T1 transmission rates are now standard for regional networks, and the national “backbone” that interconnects regional networks uses T3. Networking technology is becoming more widespread than its original strong base in universities and government laboratories as it is rapidly finding application in K-12 education, community networks and private industry.
A little over a decade after the warning voiced in the Lax report, the future of a strong computational science infrastructure is bright. The federal commitment to high performance computing has been further strengthened with the passage of two particularly significant pieces of legislation: the High Performance Computing Act of 1991, which established the High Performance Computing and Communication Program (HPCCP) and Sen.
Gore’s Information Infrastructure and Technology Act of 1992, which addresses a broad spectrum of issues ranging from high performance computing to expanded network access and the necessity to make leading edge technologies available to educators from kindergarten through graduate school.

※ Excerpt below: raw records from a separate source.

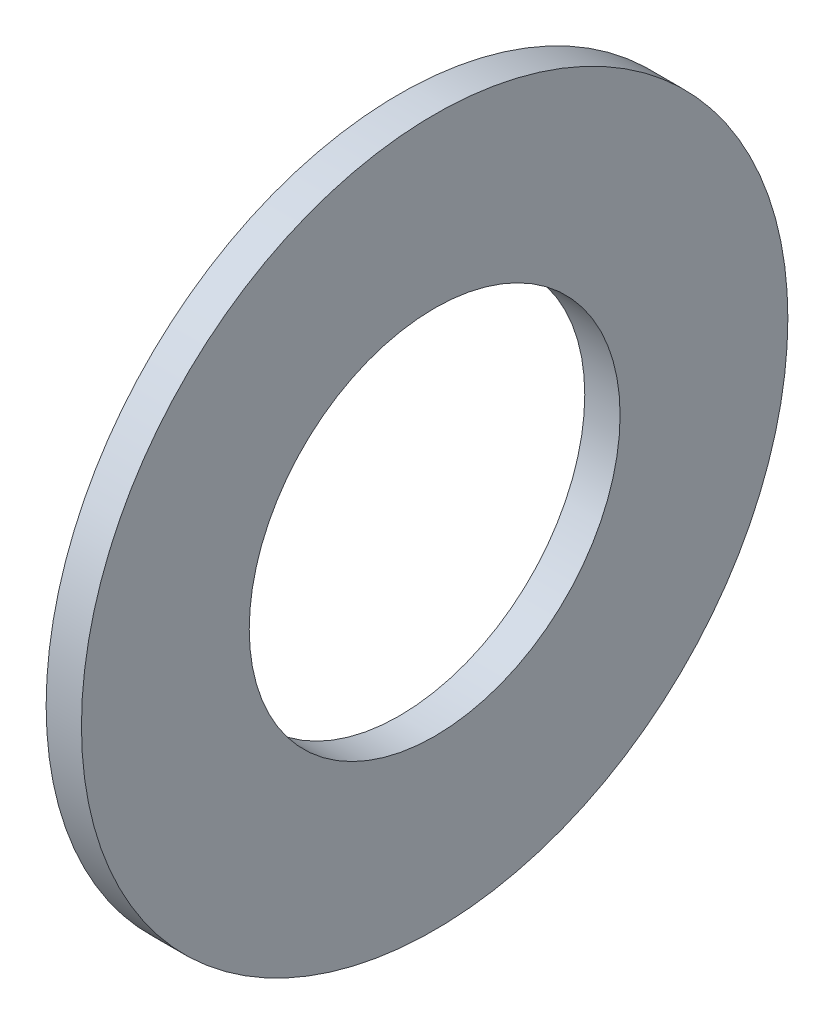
from build123d import *

# Parameters (mm, degrees)
ESQUISSE1_W = 1
ESQUISSE1_H = 4.75


with BuildPart() as part:
    # Esquisse1 → Base-R_volution (revolve)
    with BuildSketch(Plane(origin=(0, 0, 0), x_dir=(1, 0, 0), z_dir=(0, 1, 0)), mode=Mode.PRIVATE) as base_r_volution_sk:
        with Locations((0.5, 7.625)):
            Rectangle(ESQUISSE1_W, ESQUISSE1_H)
    revolve(base_r_volution_sk.sketch.rotate(Axis((0, 0, 0), (1, 0, 0)), 180), axis=Axis((0, 0, 0), (1, 0, 0)))


solid = part.part

Modern computers are based on tiny integrated circuits and are millions to billions of times more capable while occupying a fraction of the space.
Today, simply computer may be made small enough to fit into a wristwatch and be powered from a watch battery. Personal computers, in various forms, are icons of the Information Age and are what most people think of as “a computer”; however, the most common form of computer in use today is the embedded computer.
Embedded computers are small, simple devices that are used to control other devices for example, they may be found in machines ranging from fighter aircraft to industrial robots, digital cameras, and children’s toys.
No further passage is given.